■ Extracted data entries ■
○ ○ ○ ○ ○
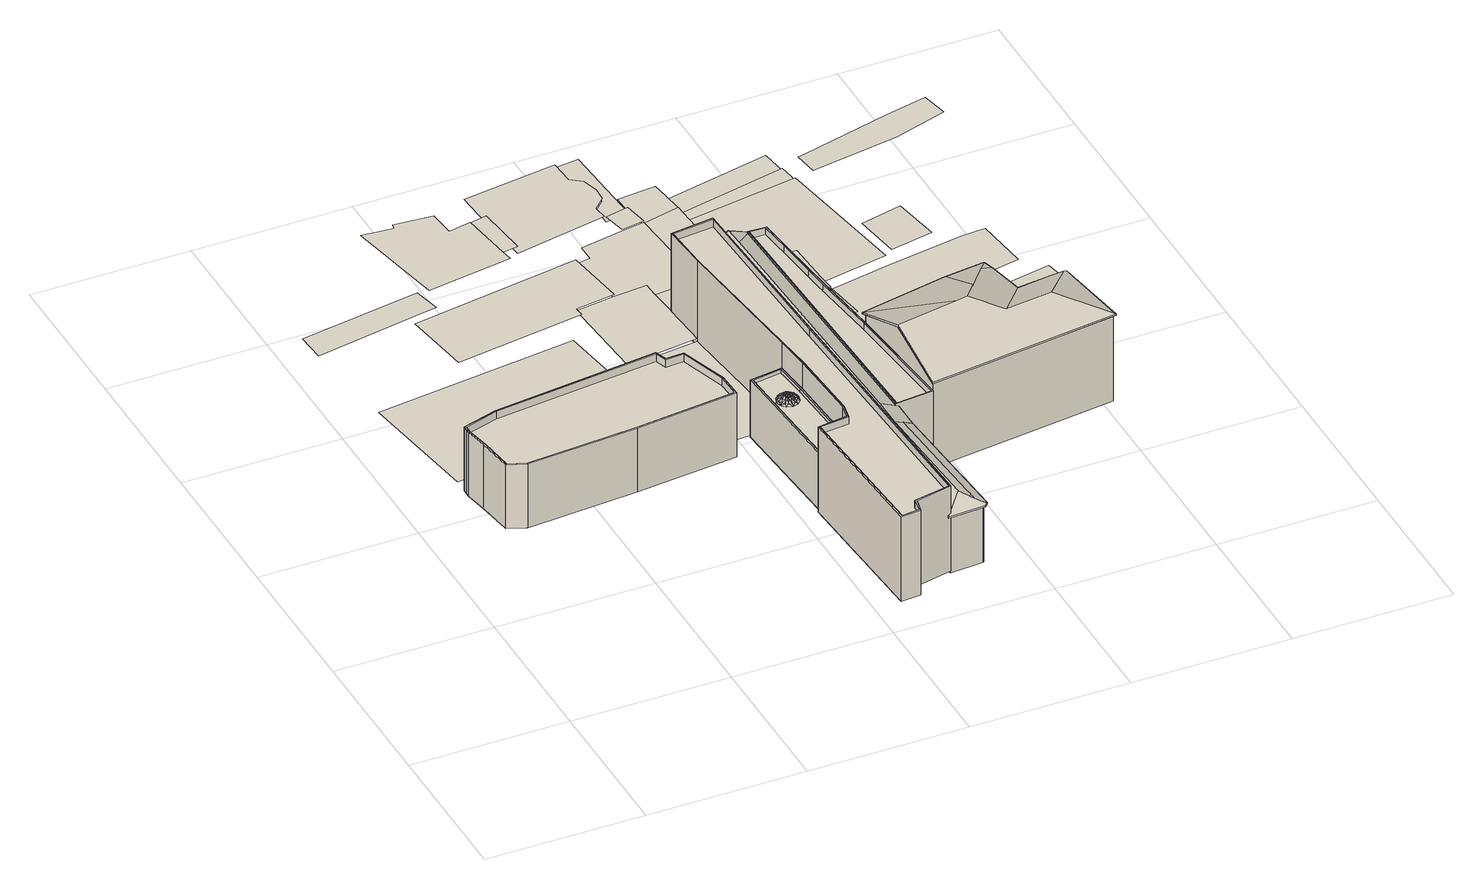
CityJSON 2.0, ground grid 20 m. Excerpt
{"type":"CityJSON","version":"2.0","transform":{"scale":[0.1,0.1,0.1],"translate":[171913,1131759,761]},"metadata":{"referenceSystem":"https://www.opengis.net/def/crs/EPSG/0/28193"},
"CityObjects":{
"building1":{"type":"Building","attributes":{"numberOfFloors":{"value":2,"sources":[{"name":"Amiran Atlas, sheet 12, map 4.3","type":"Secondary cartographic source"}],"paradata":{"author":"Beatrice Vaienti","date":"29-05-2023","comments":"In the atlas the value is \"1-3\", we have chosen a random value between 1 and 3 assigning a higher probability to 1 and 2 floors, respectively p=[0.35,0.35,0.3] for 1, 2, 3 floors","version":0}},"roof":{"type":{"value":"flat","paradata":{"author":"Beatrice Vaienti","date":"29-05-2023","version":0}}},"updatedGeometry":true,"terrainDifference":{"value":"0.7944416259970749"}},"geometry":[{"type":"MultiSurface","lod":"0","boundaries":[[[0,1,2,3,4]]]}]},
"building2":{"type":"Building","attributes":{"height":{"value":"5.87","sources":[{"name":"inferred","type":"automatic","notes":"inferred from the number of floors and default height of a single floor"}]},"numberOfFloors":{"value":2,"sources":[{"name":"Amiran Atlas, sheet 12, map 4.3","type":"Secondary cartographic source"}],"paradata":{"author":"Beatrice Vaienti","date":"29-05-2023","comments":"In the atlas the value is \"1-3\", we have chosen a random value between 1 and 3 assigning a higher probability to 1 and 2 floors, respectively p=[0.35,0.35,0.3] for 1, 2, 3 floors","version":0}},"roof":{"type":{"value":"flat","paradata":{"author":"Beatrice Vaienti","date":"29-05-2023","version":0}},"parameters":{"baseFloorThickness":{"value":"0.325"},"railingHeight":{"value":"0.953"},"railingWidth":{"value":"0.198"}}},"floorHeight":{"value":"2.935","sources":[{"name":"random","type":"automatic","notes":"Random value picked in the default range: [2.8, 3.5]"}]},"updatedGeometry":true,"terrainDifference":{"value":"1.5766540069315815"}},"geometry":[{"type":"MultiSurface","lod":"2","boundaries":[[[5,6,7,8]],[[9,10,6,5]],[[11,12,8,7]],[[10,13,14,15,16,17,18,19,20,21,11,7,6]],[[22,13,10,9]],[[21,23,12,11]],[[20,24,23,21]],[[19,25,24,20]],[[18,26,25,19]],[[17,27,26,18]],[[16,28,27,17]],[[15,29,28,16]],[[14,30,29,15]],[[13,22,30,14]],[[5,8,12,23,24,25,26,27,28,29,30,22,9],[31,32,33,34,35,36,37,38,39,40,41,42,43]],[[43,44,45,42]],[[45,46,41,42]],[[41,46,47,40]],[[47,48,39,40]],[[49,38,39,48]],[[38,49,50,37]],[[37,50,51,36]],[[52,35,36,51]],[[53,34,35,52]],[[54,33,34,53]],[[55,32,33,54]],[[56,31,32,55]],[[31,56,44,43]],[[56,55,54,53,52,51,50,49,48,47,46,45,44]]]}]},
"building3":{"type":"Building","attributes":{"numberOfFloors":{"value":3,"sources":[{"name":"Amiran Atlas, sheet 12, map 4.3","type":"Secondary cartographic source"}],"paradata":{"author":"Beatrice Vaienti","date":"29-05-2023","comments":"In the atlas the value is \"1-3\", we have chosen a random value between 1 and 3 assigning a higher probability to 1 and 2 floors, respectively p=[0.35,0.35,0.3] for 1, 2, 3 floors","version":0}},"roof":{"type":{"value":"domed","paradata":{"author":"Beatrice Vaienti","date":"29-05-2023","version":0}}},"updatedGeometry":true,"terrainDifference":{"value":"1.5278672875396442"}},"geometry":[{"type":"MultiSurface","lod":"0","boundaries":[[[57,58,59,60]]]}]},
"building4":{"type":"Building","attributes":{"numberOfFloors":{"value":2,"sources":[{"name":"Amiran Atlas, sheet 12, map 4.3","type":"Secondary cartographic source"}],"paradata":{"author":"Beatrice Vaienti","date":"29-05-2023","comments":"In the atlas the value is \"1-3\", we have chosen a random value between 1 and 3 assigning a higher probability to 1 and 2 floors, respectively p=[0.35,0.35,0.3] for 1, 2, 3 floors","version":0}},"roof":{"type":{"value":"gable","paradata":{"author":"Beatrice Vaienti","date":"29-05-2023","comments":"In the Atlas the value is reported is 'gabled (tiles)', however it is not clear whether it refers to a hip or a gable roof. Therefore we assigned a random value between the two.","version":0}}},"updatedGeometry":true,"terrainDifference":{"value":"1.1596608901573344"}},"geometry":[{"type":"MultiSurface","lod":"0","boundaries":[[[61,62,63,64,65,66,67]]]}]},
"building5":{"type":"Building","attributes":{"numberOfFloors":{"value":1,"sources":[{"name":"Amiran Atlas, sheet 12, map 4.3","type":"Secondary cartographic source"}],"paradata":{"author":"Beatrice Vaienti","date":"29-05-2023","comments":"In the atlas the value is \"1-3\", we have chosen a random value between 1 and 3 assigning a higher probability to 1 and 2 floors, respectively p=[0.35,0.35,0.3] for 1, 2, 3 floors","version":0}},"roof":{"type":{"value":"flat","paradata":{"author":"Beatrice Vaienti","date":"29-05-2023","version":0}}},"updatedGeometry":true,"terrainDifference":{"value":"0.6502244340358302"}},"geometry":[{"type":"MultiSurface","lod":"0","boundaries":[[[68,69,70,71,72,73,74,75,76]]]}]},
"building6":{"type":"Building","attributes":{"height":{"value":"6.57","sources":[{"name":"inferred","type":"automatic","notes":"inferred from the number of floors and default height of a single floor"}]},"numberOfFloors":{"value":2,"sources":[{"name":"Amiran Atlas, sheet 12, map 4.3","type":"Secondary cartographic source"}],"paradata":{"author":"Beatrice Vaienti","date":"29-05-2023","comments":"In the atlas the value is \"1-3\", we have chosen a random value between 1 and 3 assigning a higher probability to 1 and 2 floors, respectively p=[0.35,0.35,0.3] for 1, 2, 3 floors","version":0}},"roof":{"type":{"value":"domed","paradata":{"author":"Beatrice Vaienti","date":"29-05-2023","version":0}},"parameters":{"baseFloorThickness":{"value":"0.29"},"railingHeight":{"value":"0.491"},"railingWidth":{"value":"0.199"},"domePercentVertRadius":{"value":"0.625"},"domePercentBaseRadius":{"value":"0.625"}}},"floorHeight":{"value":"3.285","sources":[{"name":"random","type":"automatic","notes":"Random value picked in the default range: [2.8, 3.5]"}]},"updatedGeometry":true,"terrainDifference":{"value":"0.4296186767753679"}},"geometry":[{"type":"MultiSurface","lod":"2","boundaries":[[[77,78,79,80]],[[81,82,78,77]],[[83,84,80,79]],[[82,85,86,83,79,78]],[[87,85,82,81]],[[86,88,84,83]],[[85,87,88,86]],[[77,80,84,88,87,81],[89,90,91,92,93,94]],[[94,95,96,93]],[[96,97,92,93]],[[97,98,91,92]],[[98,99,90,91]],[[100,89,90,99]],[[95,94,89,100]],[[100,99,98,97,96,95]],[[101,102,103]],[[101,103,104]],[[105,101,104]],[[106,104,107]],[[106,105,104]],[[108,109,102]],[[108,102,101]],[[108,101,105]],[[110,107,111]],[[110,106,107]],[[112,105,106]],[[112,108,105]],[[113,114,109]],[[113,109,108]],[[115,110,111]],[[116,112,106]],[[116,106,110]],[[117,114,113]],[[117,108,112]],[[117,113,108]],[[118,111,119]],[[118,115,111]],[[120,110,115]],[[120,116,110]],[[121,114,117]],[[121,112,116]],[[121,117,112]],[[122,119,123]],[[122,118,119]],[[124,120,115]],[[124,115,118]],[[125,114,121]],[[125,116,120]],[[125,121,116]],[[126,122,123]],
○ ○ ○ ○ ○
■ Exercise objective ■
Retype the records exactly. Any image in them should not appear in what you write.

■ Output for this exercise ■
CityJSON 2.0, ground grid 20 m. Excerpt
{"type":"CityJSON","version":"2.0","transform":{"scale":[0.1,0.1,0.1],"translate":[171913,1131759,761]},"metadata":{"referenceSystem":"https://www.opengis.net/def/crs/EPSG/0/28193"},
"CityObjects":{
"building1":{"type":"Building","attributes":{"numberOfFloors":{"value":2,"sources":[{"name":"Amiran Atlas, sheet 12, map 4.3","type":"Secondary cartographic source"}],"paradata":{"author":"Beatrice Vaienti","date":"29-05-2023","comments":"In the atlas the value is \"1-3\", we have chosen a random value between 1 and 3 assigning a higher probability to 1 and 2 floors, respectively p=[0.35,0.35,0.3] for 1, 2, 3 floors","version":0}},"roof":{"type":{"value":"flat","paradata":{"author":"Beatrice Vaienti","date":"29-05-2023","version":0}}},"updatedGeometry":true,"terrainDifference":{"value":"0.7944416259970749"}},"geometry":[{"type":"MultiSurface","lod":"0","boundaries":[[[0,1,2,3,4]]]}]},
"building2":{"type":"Building","attributes":{"height":{"value":"5.87","sources":[{"name":"inferred","type":"automatic","notes":"inferred from the number of floors and default height of a single floor"}]},"numberOfFloors":{"value":2,"sources":[{"name":"Amiran Atlas, sheet 12, map 4.3","type":"Secondary cartographic source"}],"paradata":{"author":"Beatrice Vaienti","date":"29-05-2023","comments":"In the atlas the value is \"1-3\", we have chosen a random value between 1 and 3 assigning a higher probability to 1 and 2 floors, respectively p=[0.35,0.35,0.3] for 1, 2, 3 floors","version":0}},"roof":{"type":{"value":"flat","paradata":{"author":"Beatrice Vaienti","date":"29-05-2023","version":0}},"parameters":{"baseFloorThickness":{"value":"0.325"},"railingHeight":{"value":"0.953"},"railingWidth":{"value":"0.198"}}},"floorHeight":{"value":"2.935","sources":[{"name":"random","type":"automatic","notes":"Random value picked in the default range: [2.8, 3.5]"}]},"updatedGeometry":true,"terrainDifference":{"value":"1.5766540069315815"}},"geometry":[{"type":"MultiSurface","lod":"2","boundaries":[[[5,6,7,8]],[[9,10,6,5]],[[11,12,8,7]],[[10,13,14,15,16,17,18,19,20,21,11,7,6]],[[22,13,10,9]],[[21,23,12,11]],[[20,24,23,21]],[[19,25,24,20]],[[18,26,25,19]],[[17,27,26,18]],[[16,28,27,17]],[[15,29,28,16]],[[14,30,29,15]],[[13,22,30,14]],[[5,8,12,23,24,25,26,27,28,29,30,22,9],[31,32,33,34,35,36,37,38,39,40,41,42,43]],[[43,44,45,42]],[[45,46,41,42]],[[41,46,47,40]],[[47,48,39,40]],[[49,38,39,48]],[[38,49,50,37]],[[37,50,51,36]],[[52,35,36,51]],[[53,34,35,52]],[[54,33,34,53]],[[55,32,33,54]],[[56,31,32,55]],[[31,56,44,43]],[[56,55,54,53,52,51,50,49,48,47,46,45,44]]]}]},
"building3":{"type":"Building","attributes":{"numberOfFloors":{"value":3,"sources":[{"name":"Amiran Atlas, sheet 12, map 4.3","type":"Secondary cartographic source"}],"paradata":{"author":"Beatrice Vaienti","date":"29-05-2023","comments":"In the atlas the value is \"1-3\", we have chosen a random value between 1 and 3 assigning a higher probability to 1 and 2 floors, respectively p=[0.35,0.35,0.3] for 1, 2, 3 floors","version":0}},"roof":{"type":{"value":"domed","paradata":{"author":"Beatrice Vaienti","date":"29-05-2023","version":0}}},"updatedGeometry":true,"terrainDifference":{"value":"1.5278672875396442"}},"geometry":[{"type":"MultiSurface","lod":"0","boundaries":[[[57,58,59,60]]]}]},
"building4":{"type":"Building","attributes":{"numberOfFloors":{"value":2,"sources":[{"name":"Amiran Atlas, sheet 12, map 4.3","type":"Secondary cartographic source"}],"paradata":{"author":"Beatrice Vaienti","date":"29-05-2023","comments":"In the atlas the value is \"1-3\", we have chosen a random value between 1 and 3 assigning a higher probability to 1 and 2 floors, respectively p=[0.35,0.35,0.3] for 1, 2, 3 floors","version":0}},"roof":{"type":{"value":"gable","paradata":{"author":"Beatrice Vaienti","date":"29-05-2023","comments":"In the Atlas the value is reported is 'gabled (tiles)', however it is not clear whether it refers to a hip or a gable roof. Therefore we assigned a random value between the two.","version":0}}},"updatedGeometry":true,"terrainDifference":{"value":"1.1596608901573344"}},"geometry":[{"type":"MultiSurface","lod":"0","boundaries":[[[61,62,63,64,65,66,67]]]}]},
"building5":{"type":"Building","attributes":{"numberOfFloors":{"value":1,"sources":[{"name":"Amiran Atlas, sheet 12, map 4.3","type":"Secondary cartographic source"}],"paradata":{"author":"Beatrice Vaienti","date":"29-05-2023","comments":"In the atlas the value is \"1-3\", we have chosen a random value between 1 and 3 assigning a higher probability to 1 and 2 floors, respectively p=[0.35,0.35,0.3] for 1, 2, 3 floors","version":0}},"roof":{"type":{"value":"flat","paradata":{"author":"Beatrice Vaienti","date":"29-05-2023","version":0}}},"updatedGeometry":true,"terrainDifference":{"value":"0.6502244340358302"}},"geometry":[{"type":"MultiSurface","lod":"0","boundaries":[[[68,69,70,71,72,73,74,75,76]]]}]},
"building6":{"type":"Building","attributes":{"height":{"value":"6.57","sources":[{"name":"inferred","type":"automatic","notes":"inferred from the number of floors and default height of a single floor"}]},"numberOfFloors":{"value":2,"sources":[{"name":"Amiran Atlas, sheet 12, map 4.3","type":"Secondary cartographic source"}],"paradata":{"author":"Beatrice Vaienti","date":"29-05-2023","comments":"In the atlas the value is \"1-3\", we have chosen a random value between 1 and 3 assigning a higher probability to 1 and 2 floors, respectively p=[0.35,0.35,0.3] for 1, 2, 3 floors","version":0}},"roof":{"type":{"value":"domed","paradata":{"author":"Beatrice Vaienti","date":"29-05-2023","version":0}},"parameters":{"baseFloorThickness":{"value":"0.29"},"railingHeight":{"value":"0.491"},"railingWidth":{"value":"0.199"},"domePercentVertRadius":{"value":"0.625"},"domePercentBaseRadius":{"value":"0.625"}}},"floorHeight":{"value":"3.285","sources":[{"name":"random","type":"automatic","notes":"Random value picked in the default range: [2.8, 3.5]"}]},"updatedGeometry":true,"terrainDifference":{"value":"0.4296186767753679"}},"geometry":[{"type":"MultiSurface","lod":"2","boundaries":[[[77,78,79,80]],[[81,82,78,77]],[[83,84,80,79]],[[82,85,86,83,79,78]],[[87,85,82,81]],[[86,88,84,83]],[[85,87,88,86]],[[77,80,84,88,87,81],[89,90,91,92,93,94]],[[94,95,96,93]],[[96,97,92,93]],[[97,98,91,92]],[[98,99,90,91]],[[100,89,90,99]],[[95,94,89,100]],[[100,99,98,97,96,95]],[[101,102,103]],[[101,103,104]],[[105,101,104]],[[106,104,107]],[[106,105,104]],[[108,109,102]],[[108,102,101]],[[108,101,105]],[[110,107,111]],[[110,106,107]],[[112,105,106]],[[112,108,105]],[[113,114,109]],[[113,109,108]],[[115,110,111]],[[116,112,106]],[[116,106,110]],[[117,114,113]],[[117,108,112]],[[117,113,108]],[[118,111,119]],[[118,115,111]],[[120,110,115]],[[120,116,110]],[[121,114,117]],[[121,112,116]],[[121,117,112]],[[122,119,123]],[[122,118,119]],[[124,120,115]],[[124,115,118]],[[125,114,121]],[[125,116,120]],[[125,121,116]],[[126,122,123]],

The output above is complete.